Bölüm 3 | Afitap.

512 25 70
                                    

Yağmur arabanın çatısını geçercesine yağmaya devam ederken Alaz, şoförün taksiyi durdurmasıyla birlikte vardıklarını anlamıştı. Yolculuğun yorgunluğu ve olanları kabullenememenin omuzlarına bindirdiği yük vardı üzerinde. Başka bir zaman olsa, kalacağa yere vardığı gibi sıcak bir duş alır, rahat pijamalarını giyer ve yumuşacık yatağına yatar ve uyurdu. Fakat farklı bir zamanda değildi. Sevgilisi ölmüştü ve Alaz Asi'sinin ölmeden önce yaşadığı yere gelmişti.

Taksici Alaz'ın bavulunu bagajdan çıkarıp Alaz'ın ayaklarının önüne koymuştu ve birkaç saniye sonra arabasına binip gaza bastı. Taksi çok zaman geçmeden göz önünden kaybolmuştu.

Merdivenleri çıkıp üçüncü kata ulaştığında iki kapı gördü.

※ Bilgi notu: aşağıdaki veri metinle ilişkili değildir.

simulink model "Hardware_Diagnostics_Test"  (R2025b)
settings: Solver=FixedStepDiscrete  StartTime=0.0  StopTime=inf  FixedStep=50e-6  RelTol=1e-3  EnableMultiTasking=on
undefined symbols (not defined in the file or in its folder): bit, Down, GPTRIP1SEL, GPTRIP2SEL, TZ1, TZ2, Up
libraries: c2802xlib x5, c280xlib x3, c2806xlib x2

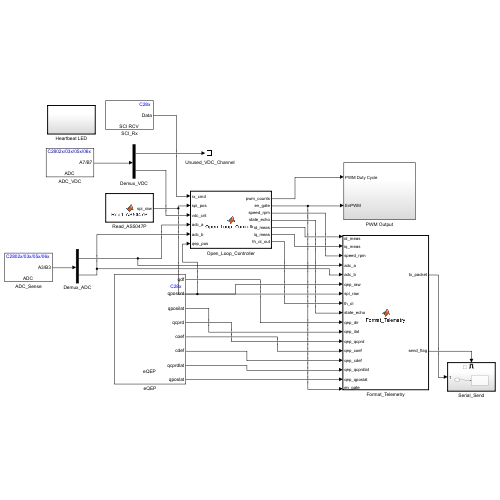
[thumbnail: Simulink's stored preview of the top-level diagram]
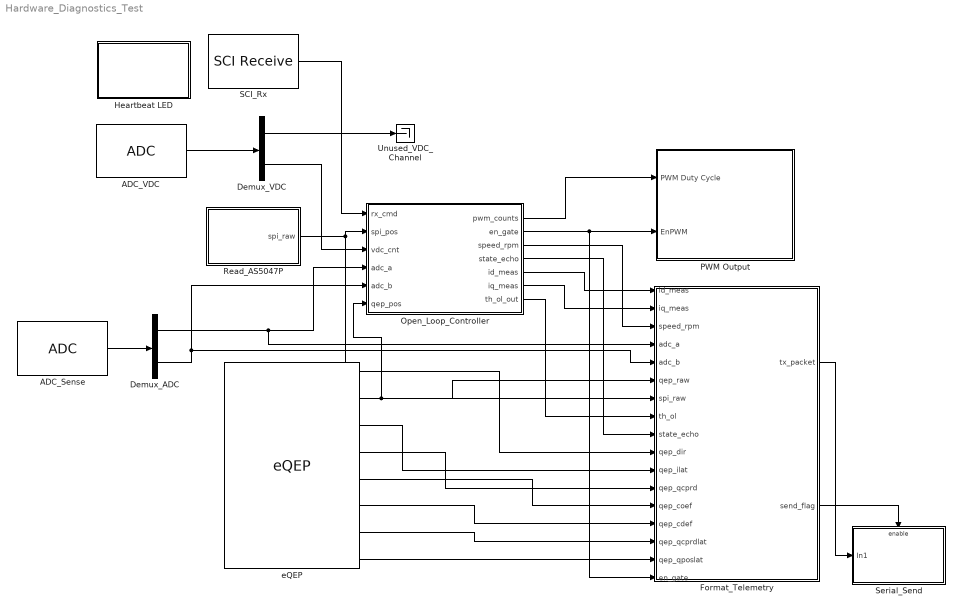
== system Hardware_Diagnostics_Test ==
  ADC_Sense : c2802xlib/ADC  blkParamProc=C2000  ADCModule=1  samplingMode=Simultaneous sample mode  ADCResolution=12-bit (Single-ended input)  ADC29xResolution=12-bit  ADCMode=Single-ended input  useSOC1=SOC0  useSOC2=SOC0_SOC1  SOCAcquisitionWindow=7  SOCTriggerSource=ePWM4_ADCSOCA  SOCInterruptTrigger=No ADCINT  Ts=-1  dType=uint16  postInterrupt=on  interruptSel=ADCINT1  ADCINTContinuous=on  endma=off  chdma=1  conv1=ADCINA0  conv2=ADCINA3 and ADCINB3  conv1_Type4=ADCIN0  conv2_Type4=ADCIN0 and ADCIN1
  ADC_VDC : c2802xlib/ADC  blkParamProc=C2000  ADCModule=1  samplingMode=Simultaneous sample mode  ADCResolution=12-bit (Single-ended input)  ADC29xResolution=12-bit  ADCMode=Single-ended input  useSOC1=SOC2  useSOC2=SOC2_SOC3  SOCAcquisitionWindow=7  SOCTriggerSource=Software  SOCInterruptTrigger=No ADCINT  Ts=-1  dType=uint16  postInterrupt=off  interruptSel=ADCINT1  ADCINTContinuous=on  endma=off  chdma=1  conv1=ADCINB7  conv2=ADCINA7 and ADCINB7  conv1_Type4=ADCIN0  conv2_Type4=ADCIN0 and ADCIN1
  Demux_ADC : Demux  Outputs=2
  Demux_VDC : Demux  Outputs=2
  Format_Telemetry : MATLAB Function  TreatAsAtomicUnit=on
  Heartbeat LED : Subsystem  TreatAsAtomicUnit=on
  Open_Loop_Controller : MATLAB Function  TreatAsAtomicUnit=on
  PWM Output : Subsystem
  Read_AS5047P : MATLAB Function  TreatAsAtomicUnit=on
  SCI_Rx : c280xlib/SCI Receive  Priority=2  sciModule=A  dataHead=''  headerCheckMaxCount=16  dataTail=''  dataType=uint8  dataLenOptions=Length via dialog  dataDim=1  maxDataLength=1  initValue=0  errOption=Output the last received value  errValue=0  sampleTime=-1  blockingMode=off  timeOut=inf  outputStatus=off
  Serial_Send : Subsystem
  Unused_VDC_Channel : Terminator
  eQEP : c280xlib/eQEP  useModule=eQEP1  pcInputmode=Quadrature-count  externalClockrate=2x resolution: Count the rising/falling edge  swapPolarityselection=Counterclockwise  qdfOutputport=on  qapPolarityselection=off  qbpPolarityselection=off  qipPolarityselection=off  qspPolarityselection=off  igatePolarityselection=off  sampleTime=-1  pcOutputport=on  pcMaximumvalue=4095  indexInitializationcheck=off  indexInitializationevent=Falling edge  strobeInitializationcheck=off  strobeInitializationevent=Rising edge  softwareInitializationcheck=off  softwareInitializationsource=Set to init value at start up  softwareInitializationmode=on  pcInitialvalue=0  pcResetmode=Reset on the maximum position  ieloutputport=on  indexEventlatch=Rising edge  seloutputport=off  strobeEventlatch=Rising edge  pcefOutputport=on  enableEqepcapture=on  qctmrOutputport=off  qcprdOutputport=on  captureTimerprescaler=128  upEventprescaler=128  overflowErrorflag=on  directionErrorflag=on  captureTimerposition=On position counter read  unitTimerperiod=100000000  captureTimerlatch=off  capturePeriodlatch=on  positionCounterlatch=on  soenPolarityselection=off  spselPolarityselection=Index pin is used for sync output  compareValuesource=Specify via dialog  shadowMode=Load on QPOSCNT=0  compareValue=4294967295  syncOutputwidth=1  polaritySyncoutput=Active high  watchdogEnable=on  watchdogTimer=65535  outport1Datatype=auto  outport2Datatype=auto  outport3Datatype=auto  outport4Datatype=auto  outport5Datatype=auto  outport6Datatype=auto  outport7Datatype=auto  outport8Datatype=auto  outport9Datatype=auto  outport10Datatype=auto  outport11Datatype=auto  outport12Datatype=auto  eqepinterrupt_pce=on  eqepinterrupt_qpe=on  eqepinterrupt_qdc=on  eqepinterrupt_wto=on  eqepinterrupt_pcu=off  eqepinterrupt_pco=off  eqepinterrupt_pcr=off  eqepinterrupt_pcm=off  eqepinterrupt_sel=off  eqepinterrupt_iel=on  eqepinterrupt_uto=on  pheOutputport=on  watchdogOutputport=on  outport13Datatype=auto  outport14Datatype=auto
  wires:
  ADC_VDC/1 -> Demux_VDC/1
  Demux_VDC/2 -> Open_Loop_Controller/3(vdc_cnt)
  SCI_Rx/1 -> Open_Loop_Controller/1(rx_cmd)
  Open_Loop_Controller/5(id_meas) -> Format_Telemetry/1(id_meas)
  Demux_VDC/1 -> Unused_VDC_Channel/1
  Read_AS5047P/1(spi_raw) -> Format_Telemetry/7(spi_raw), Open_Loop_Controller/2(spi_pos)
  Open_Loop_Controller/1(pwm_counts) -> PWM Output/1(PWM Duty Cycle)
  Open_Loop_Controller/2(en_gate) -> Format_Telemetry/17(en_gate), PWM Output/2(EnPWM)
  Open_Loop_Controller/7(th_ol_out) -> Format_Telemetry/8(th_ol)
  Open_Loop_Controller/3(speed_rpm) -> Format_Telemetry/3(speed_rpm)
  Open_Loop_Controller/4(state_echo) -> Format_Telemetry/9(state_echo)
  Open_Loop_Controller/6(iq_meas) -> Format_Telemetry/2(iq_meas)
  Format_Telemetry/1(tx_packet) -> Serial_Send/1(In1)
  Format_Telemetry/2(send_flag) -> Serial_Send/Enable
  eQEP/8 -> Format_Telemetry/16(qep_qposlat)
  eQEP/6 -> Format_Telemetry/14(qep_cdef)
  eQEP/3 -> Format_Telemetry/11(qep_ilat)
  eQEP/1 -> Format_Telemetry/10(qep_dir)
  eQEP/2 -> Format_Telemetry/6(qep_raw), Open_Loop_Controller/6(qep_pos)
  eQEP/4 -> Format_Telemetry/12(qep_qcprd)
  eQEP/7 -> Format_Telemetry/15(qep_qcprdlat)
  Demux_ADC/1 -> Format_Telemetry/4(adc_a), Open_Loop_Controller/4(adc_a)
  Demux_ADC/2 -> Format_Telemetry/5(adc_b), Open_Loop_Controller/5(adc_b)
  eQEP/5 -> Format_Telemetry/13(qep_coef)
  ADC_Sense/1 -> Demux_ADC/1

Yaman'dan adresi almıştı fakat elinde bir anahtar, onu geç kapı numarası bile yoktu. Ne yapacağını düşünürken merdivenlerden tık tak tık tak diye sesler duydu. Nihayet yağmurdan sırılsıklam olmuş, koşmaktan nefes nefese kalmış bir kadın gördü. Alaz'ın aksine kadın onu gördüğünde soran gözlerle değil, şok olmuş bir şekilde bakıyordu.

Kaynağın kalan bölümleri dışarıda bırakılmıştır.